Exercise instructions:
A faithful copy of all the records is needed, with the pictures omitted.

Data shown:
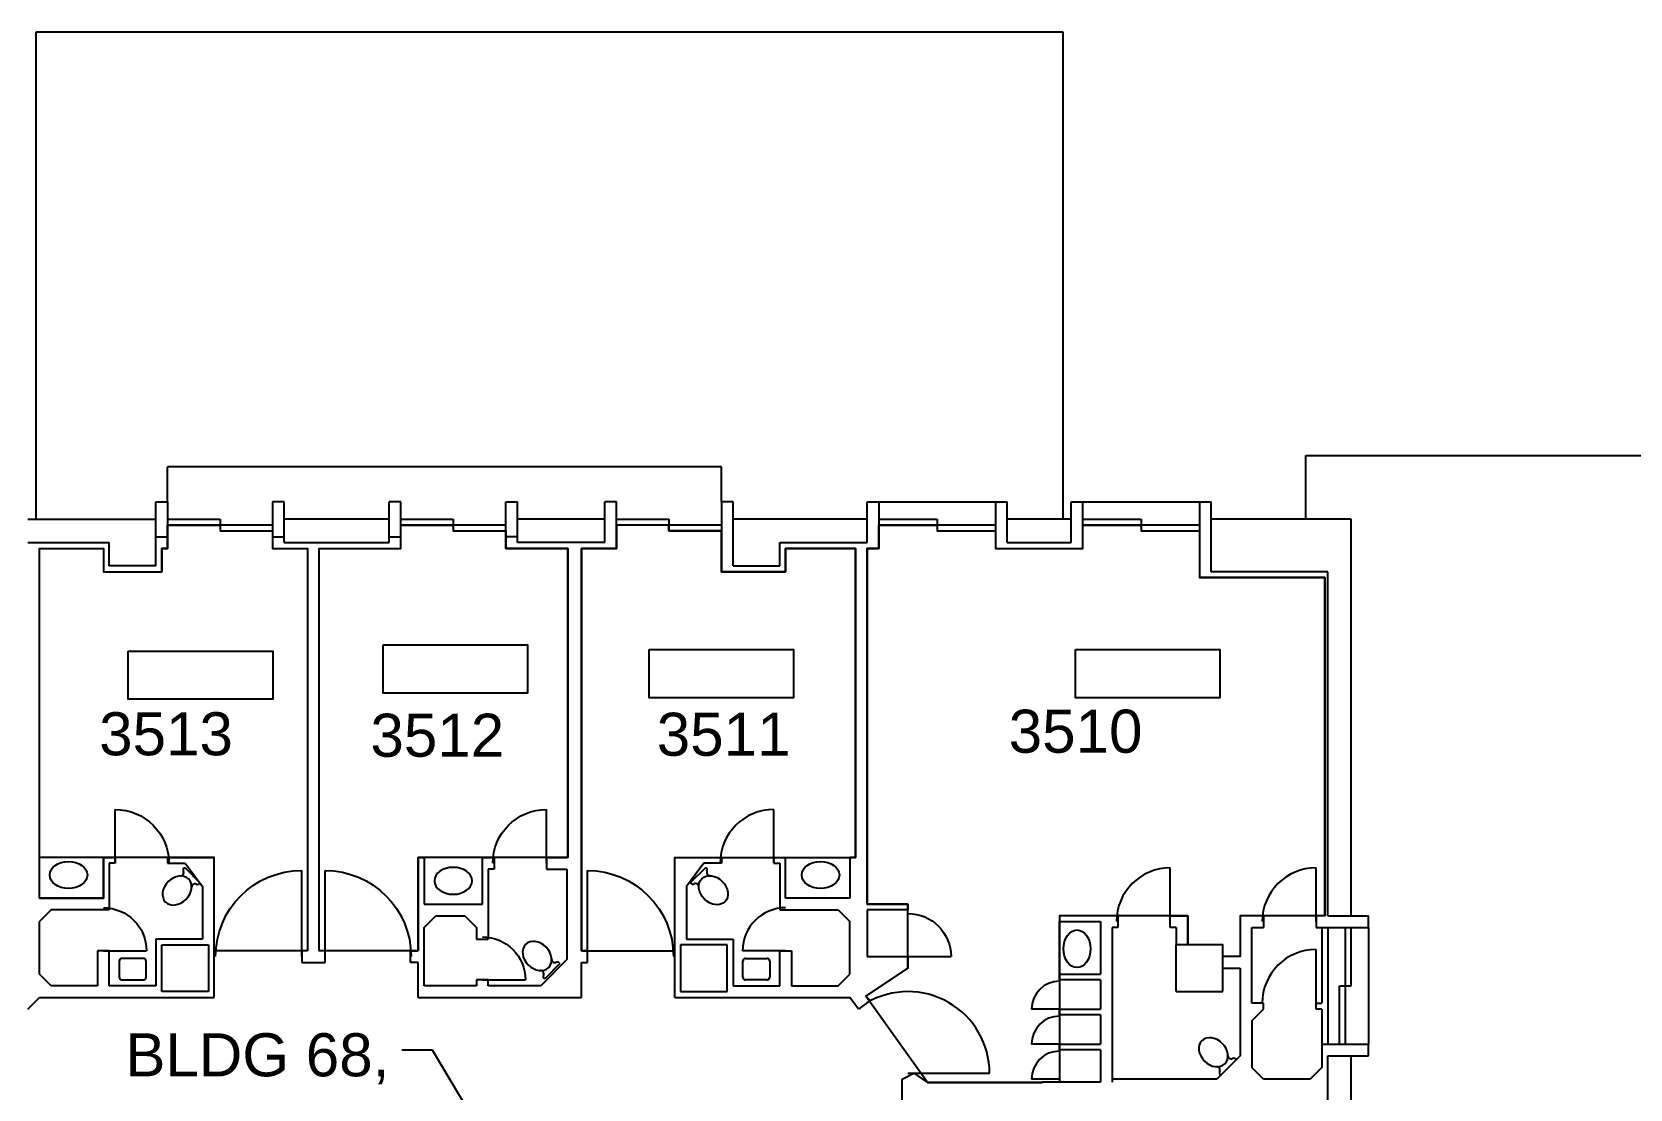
# Model space of a CAD drawing. Extents: x 338 to 7662, y 1527 to 4766.
# Drawn here: x 2965 to 3856, y 4177 to 4766 of the extents above; entities that cross this region are included whole.
import ezdxf

# ---------------------------------------------------------------- set-up
doc = ezdxf.new("R2010")
doc.units = 0
doc.header["$LTSCALE"] = 150
doc.header["$MEASUREMENT"] = 0
for name, color, linetype in [('A-ANNO-TEXT-STAIR', 4, 'CONTINUOUS'), ('A-ANNO-TX192', 4, 'CONTINUOUS'), ('A-COLS', 5, 'CONTINUOUS'), ('A-DOOR', 2, 'CONTINUOUS'), ('A-FLOR-CASE', 3, 'CONTINUOUS'), ('A-FLOR-PFIX', 2, 'CONTINUOUS'), ('A-GLAZ', 2, 'CONTINUOUS'), ('A-GLAZ-SILL', 1, 'CONTINUOUS'), ('A-ROOF-LEVL-MED', 2, 'CONTINUOUS'), ('A-WALL-FULL', 6, 'CONTINUOUS'), ('X-MEDGAS', 5, 'CONTINUOUS')]:
    doc.layers.add(name, color=color, linetype=linetype)
doc.styles.add('ARIAL', font='arial.ttf')
doc.styles.get("Standard").update_dxf_attribs({"font": 'simplex'})
doc.dimstyles.new('DIM1-4', dxfattribs={"dimscale": 48, "dimtxt": 0.09375, "dimasz": 0.125, "dimexe": 0.125, "dimexo": 0.09375, "dimgap": 0, "dimtad": 1, "dimdec": 4, "dimzin": 7, "dimdsep": 46, "dimlunit": 4, "dimtxsty": 'Standard', "dimcen": 2.25, "dimdle": 1.5, "dimadec": 0, "dimazin": 0, "dimtfac": 1, "dimtdec": 4, "dimtix": 1, "dimtofl": 0, "dimtmove": 2, "dimatfit": 3, "dimfxl": 0, "dimtolj": 1, "dimtzin": 0, "dimarcsym": 0})

msp = doc.modelspace()

# ---------------------------------------------------------------- linework, layer by layer
at = {"layer": 'A-COLS'}
for p, q in [((3037.25, 4257.25), (3063.25, 4257.25)), ((3037.25, 4231.25), (3037.25, 4257.25)), ((3063.25, 4257.25), (3063.25, 4231.25)), ((3352.5, 4257.25), (3326.5, 4257.25)), ((3326.5, 4257.25), (3326.5, 4231.25)), ((3352.5, 4231.25), (3352.5, 4257.25)), ((3602.75, 4231.25), (3602.75, 4257.25)), ((3628.75, 4257.25), (3602.75, 4257.25)), ((3628.75, 4231.25), (3628.75, 4257.25)), ((3063.25, 4231.25), (3037.25, 4231.25)), ((3326.5, 4231.25), (3352.5, 4231.25)), ((3602.75, 4231.25), (3628.75, 4231.25))]:
    msp.add_line(p, q, dxfattribs=at)
at = {"layer": 'A-DOOR'}
for p, q in [((3011.25, 4302.75), (3011.25, 4332.75)), ((3251.75, 4302.75), (3251.75, 4332.75)), ((3378.5, 4302.75), (3378.5, 4332.75)), ((3115.25, 4250.75), (3115.25, 4298.75)), ((3128.25, 4250.75), (3128.25, 4298.75)), ((3274.5, 4250.75), (3274.5, 4298.75)), ((3599.5, 4270.25), (3599.5, 4300.25)), ((3680.75, 4270.25), (3680.75, 4300.25)), ((3004.75, 4254), (3028.75, 4254)), ((3385, 4254), (3361, 4254)), ((3453.25, 4250.75), (3477.25, 4250.75)), ((3680.75, 4224.75), (3680.75, 4254.75)), ((3216, 4237.75), (3240, 4237.75)), ((3537.75, 4221.5), (3522.15, 4221.5)), ((3537.75, 4202), (3522.15, 4202)), ((3537.75, 4182.5), (3522.15, 4182.5))]:
    msp.add_line(p, q, dxfattribs=at)
msp.add_arc((3453.25, 4185.75), 45.5, 0, 120.25644, dxfattribs=at)
at = {"layer": 'A-DOOR', "extrusion": (0, 0, -1)}
for centre, major_axis, start_param, end_param in [((3011.25, 4302.75), (-21.21, 21.21), 0.785398, 2.356194), ((3251.75, 4302.75), (-21.21, 21.21), 5.497787, 7.068583), ((3115.25, 4250.75), (-33.94, 33.94), 5.497787, 7.068583), ((3128.25, 4250.75), (-33.94, 33.94), 0.785398, 2.356194), ((3274.5, 4250.75), (-33.94, 33.94), 0.785398, 2.356194), ((3004.75, 4254), (16.97, 16.97), 5.497787, 7.068583), ((3453.25, 4250.75), (16.97, 16.97), 5.497787, 7.068583), ((3216, 4237.75), (16.97, 16.97), 5.497787, 7.068583)]:
    msp.add_ellipse(centre, major_axis=major_axis, ratio=1, start_param=start_param, end_param=end_param, dxfattribs=at)
at = {"layer": 'A-DOOR'}
for centre, major_axis, start_param, end_param in [((3378.5, 4302.75), (21.21, 21.21), 0.785398, 2.356194), ((3599.5, 4270.25), (21.21, 21.21), 0.785398, 2.356194), ((3680.75, 4270.25), (21.21, 21.21), 0.785398, 2.356194), ((3385, 4254), (-16.97, 16.97), 5.497787, 7.068583), ((3680.75, 4224.75), (21.21, 21.21), 0.785398, 2.356194), ((3537.75, 4221.5), (-11.03, 11.03), 5.497787, 7.068583), ((3537.75, 4202), (-11.03, 11.03), 5.497787, 7.068583), ((3537.75, 4182.5), (-11.03, 11.03), 5.497787, 7.068583)]:
    msp.add_ellipse(centre, major_axis=major_axis, ratio=1, start_param=start_param, end_param=end_param, dxfattribs=at)
at = {"layer": 'A-FLOR-CASE'}
for p, q in [((3004.75, 4306), (2969, 4306)), ((3216, 4306), (3183.5, 4306)), ((3385, 4306), (3420.75, 4306)), ((3537.75, 4241), (3537.75, 4270.25))]:
    msp.add_line(p, q, dxfattribs=at)
at = {"layer": 'A-FLOR-PFIX'}
for p, q in [((3050.02, 4300.34), (3058.51, 4291.85)), ((3332.01, 4292.01), (3340.49, 4300.49)), ((3027, 4249.75), (3015, 4249.75)), ((3362.75, 4249.75), (3374.75, 4249.75)), ((3013.5, 4248.25), (3013.5, 4239.25)), ((3028.5, 4239.25), (3028.5, 4248.25)), ((3259.24, 4246.87), (3250.76, 4238.38)), ((3361.25, 4239.25), (3361.25, 4248.25)), ((3376.25, 4248.25), (3376.25, 4239.25)), ((3015, 4237.75), (3027, 4237.75)), ((3374.75, 4237.75), (3362.75, 4237.75)), ((3627.76, 4184.76), (3636.24, 4193.24))]:
    msp.add_line(p, q, dxfattribs=at)
for centre, radius, start, end in [((3047.63, 4297.51), 1.83, 269.34402, 22.6996), ((3050.73, 4298.93), 1.58, 116.56505, 206.56505), ((3339.79, 4299.08), 1.58, 333.43495, 63.43495), ((3342.85, 4297.66), 1.79, 156.79875, 273.25713), ((3055.68, 4289.5), 1.79, 66.79875, 183.25713), ((3057.09, 4292.56), 1.58, 243.43495, 333.43495), ((3333.42, 4292.71), 1.58, 206.56505, 296.56505), ((3334.84, 4289.61), 1.83, 359.34402, 112.6996), ((3015, 4248.25), 1.5, 90, 180), ((3027, 4248.25), 1.5, 0, 90), ((3362.75, 4248.25), 1.5, 90, 180), ((3374.75, 4248.25), 1.5, 0, 90), ((3248.4, 4241.21), 1.79, 336.79875, 93.25713), ((3256.41, 4249.27), 1.83, 179.34402, 292.6996), ((3257.83, 4246.16), 1.58, 26.56505, 116.56505), ((3015, 4239.25), 1.5, 180, 270), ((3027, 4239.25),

Response area:
# Model space of a CAD drawing. Extents: x 338 to 7662, y 1527 to 4766.
# Drawn here: x 2965 to 3856, y 4177 to 4766 of the extents above; entities that cross this region are included whole.
import ezdxf

# ---------------------------------------------------------------- set-up
doc = ezdxf.new("R2010")
doc.units = 0
doc.header["$LTSCALE"] = 150
doc.header["$MEASUREMENT"] = 0
for name, color, linetype in [('A-ANNO-TEXT-STAIR', 4, 'CONTINUOUS'), ('A-ANNO-TX192', 4, 'CONTINUOUS'), ('A-COLS', 5, 'CONTINUOUS'), ('A-DOOR', 2, 'CONTINUOUS'), ('A-FLOR-CASE', 3, 'CONTINUOUS'), ('A-FLOR-PFIX', 2, 'CONTINUOUS'), ('A-GLAZ', 2, 'CONTINUOUS'), ('A-GLAZ-SILL', 1, 'CONTINUOUS'), ('A-ROOF-LEVL-MED', 2, 'CONTINUOUS'), ('A-WALL-FULL', 6, 'CONTINUOUS'), ('X-MEDGAS', 5, 'CONTINUOUS')]:
    doc.layers.add(name, color=color, linetype=linetype)
doc.styles.add('ARIAL', font='arial.ttf')
doc.styles.get("Standard").update_dxf_attribs({"font": 'simplex'})
doc.dimstyles.new('DIM1-4', dxfattribs={"dimscale": 48, "dimtxt": 0.09375, "dimasz": 0.125, "dimexe": 0.125, "dimexo": 0.09375, "dimgap": 0, "dimtad": 1, "dimdec": 4, "dimzin": 7, "dimdsep": 46, "dimlunit": 4, "dimtxsty": 'Standard', "dimcen": 2.25, "dimdle": 1.5, "dimadec": 0, "dimazin": 0, "dimtfac": 1, "dimtdec": 4, "dimtix": 1, "dimtofl": 0, "dimtmove": 2, "dimatfit": 3, "dimfxl": 0, "dimtolj": 1, "dimtzin": 0, "dimarcsym": 0})

msp = doc.modelspace()

# ---------------------------------------------------------------- linework, layer by layer
at = {"layer": 'A-COLS'}
for p, q in [((3037.25, 4257.25), (3063.25, 4257.25)), ((3037.25, 4231.25), (3037.25, 4257.25)), ((3063.25, 4257.25), (3063.25, 4231.25)), ((3352.5, 4257.25), (3326.5, 4257.25)), ((3326.5, 4257.25), (3326.5, 4231.25)), ((3352.5, 4231.25), (3352.5, 4257.25)), ((3602.75, 4231.25), (3602.75, 4257.25)), ((3628.75, 4257.25), (3602.75, 4257.25)), ((3628.75, 4231.25), (3628.75, 4257.25)), ((3063.25, 4231.25), (3037.25, 4231.25)), ((3326.5, 4231.25), (3352.5, 4231.25)), ((3602.75, 4231.25), (3628.75, 4231.25))]:
    msp.add_line(p, q, dxfattribs=at)
at = {"layer": 'A-DOOR'}
for p, q in [((3011.25, 4302.75), (3011.25, 4332.75)), ((3251.75, 4302.75), (3251.75, 4332.75)), ((3378.5, 4302.75), (3378.5, 4332.75)), ((3115.25, 4250.75), (3115.25, 4298.75)), ((3128.25, 4250.75), (3128.25, 4298.75)), ((3274.5, 4250.75), (3274.5, 4298.75)), ((3599.5, 4270.25), (3599.5, 4300.25)), ((3680.75, 4270.25), (3680.75, 4300.25)), ((3004.75, 4254), (3028.75, 4254)), ((3385, 4254), (3361, 4254)), ((3453.25, 4250.75), (3477.25, 4250.75)), ((3680.75, 4224.75), (3680.75, 4254.75)), ((3216, 4237.75), (3240, 4237.75)), ((3537.75, 4221.5), (3522.15, 4221.5)), ((3537.75, 4202), (3522.15, 4202)), ((3537.75, 4182.5), (3522.15, 4182.5))]:
    msp.add_line(p, q, dxfattribs=at)
msp.add_arc((3453.25, 4185.75), 45.5, 0, 120.25644, dxfattribs=at)
at = {"layer": 'A-DOOR', "extrusion": (0, 0, -1)}
for centre, major_axis, start_param, end_param in [((3011.25, 4302.75), (-21.21, 21.21), 0.785398, 2.356194), ((3251.75, 4302.75), (-21.21, 21.21), 5.497787, 7.068583), ((3115.25, 4250.75), (-33.94, 33.94), 5.497787, 7.068583), ((3128.25, 4250.75), (-33.94, 33.94), 0.785398, 2.356194), ((3274.5, 4250.75), (-33.94, 33.94), 0.785398, 2.356194), ((3004.75, 4254), (16.97, 16.97), 5.497787, 7.068583), ((3453.25, 4250.75), (16.97, 16.97), 5.497787, 7.068583), ((3216, 4237.75), (16.97, 16.97), 5.497787, 7.068583)]:
    msp.add_ellipse(centre, major_axis=major_axis, ratio=1, start_param=start_param, end_param=end_param, dxfattribs=at)
at = {"layer": 'A-DOOR'}
for centre, major_axis, start_param, end_param in [((3378.5, 4302.75), (21.21, 21.21), 0.785398, 2.356194), ((3599.5, 4270.25), (21.21, 21.21), 0.785398, 2.356194), ((3680.75, 4270.25), (21.21, 21.21), 0.785398, 2.356194), ((3385, 4254), (-16.97, 16.97), 5.497787, 7.068583), ((3680.75, 4224.75), (21.21, 21.21), 0.785398, 2.356194), ((3537.75, 4221.5), (-11.03, 11.03), 5.497787, 7.068583), ((3537.75, 4202), (-11.03, 11.03), 5.497787, 7.068583), ((3537.75, 4182.5), (-11.03, 11.03), 5.497787, 7.068583)]:
    msp.add_ellipse(centre, major_axis=major_axis, ratio=1, start_param=start_param, end_param=end_param, dxfattribs=at)
at = {"layer": 'A-FLOR-CASE'}
for p, q in [((3004.75, 4306), (2969, 4306)), ((3216, 4306), (3183.5, 4306)), ((3385, 4306), (3420.75, 4306)), ((3537.75, 4241), (3537.75, 4270.25))]:
    msp.add_line(p, q, dxfattribs=at)
at = {"layer": 'A-FLOR-PFIX'}
for p, q in [((3050.02, 4300.34), (3058.51, 4291.85)), ((3332.01, 4292.01), (3340.49, 4300.49)), ((3027, 4249.75), (3015, 4249.75)), ((3362.75, 4249.75), (3374.75, 4249.75)), ((3013.5, 4248.25), (3013.5, 4239.25)), ((3028.5, 4239.25), (3028.5, 4248.25)), ((3259.24, 4246.87), (3250.76, 4238.38)), ((3361.25, 4239.25), (3361.25, 4248.25)), ((3376.25, 4248.25), (3376.25, 4239.25)), ((3015, 4237.75), (3027, 4237.75)), ((3374.75, 4237.75), (3362.75, 4237.75)), ((3627.76, 4184.76), (3636.24, 4193.24))]:
    msp.add_line(p, q, dxfattribs=at)
for centre, radius, start, end in [((3047.63, 4297.51), 1.83, 269.34402, 22.6996), ((3050.73, 4298.93), 1.58, 116.56505, 206.56505), ((3339.79, 4299.08), 1.58, 333.43495, 63.43495), ((3342.85, 4297.66), 1.79, 156.79875, 273.25713), ((3055.68, 4289.5), 1.79, 66.79875, 183.25713), ((3057.09, 4292.56), 1.58, 243.43495, 333.43495), ((3333.42, 4292.71), 1.58, 206.56505, 296.56505), ((3334.84, 4289.61), 1.83, 359.34402, 112.6996), ((3015, 4248.25), 1.5, 90, 180), ((3027, 4248.25), 1.5, 0, 90), ((3362.75, 4248.25), 1.5, 90, 180), ((3374.75, 4248.25), 1.5, 0, 90), ((3248.4, 4241.21), 1.79, 336.79875, 93.25713), ((3256.41, 4249.27), 1.83, 179.34402, 292.6996), ((3257.83, 4246.16), 1.58, 26.56505, 116.56505), ((3015, 4239.25), 1.5, 180, 270), ((3027, 4239.25),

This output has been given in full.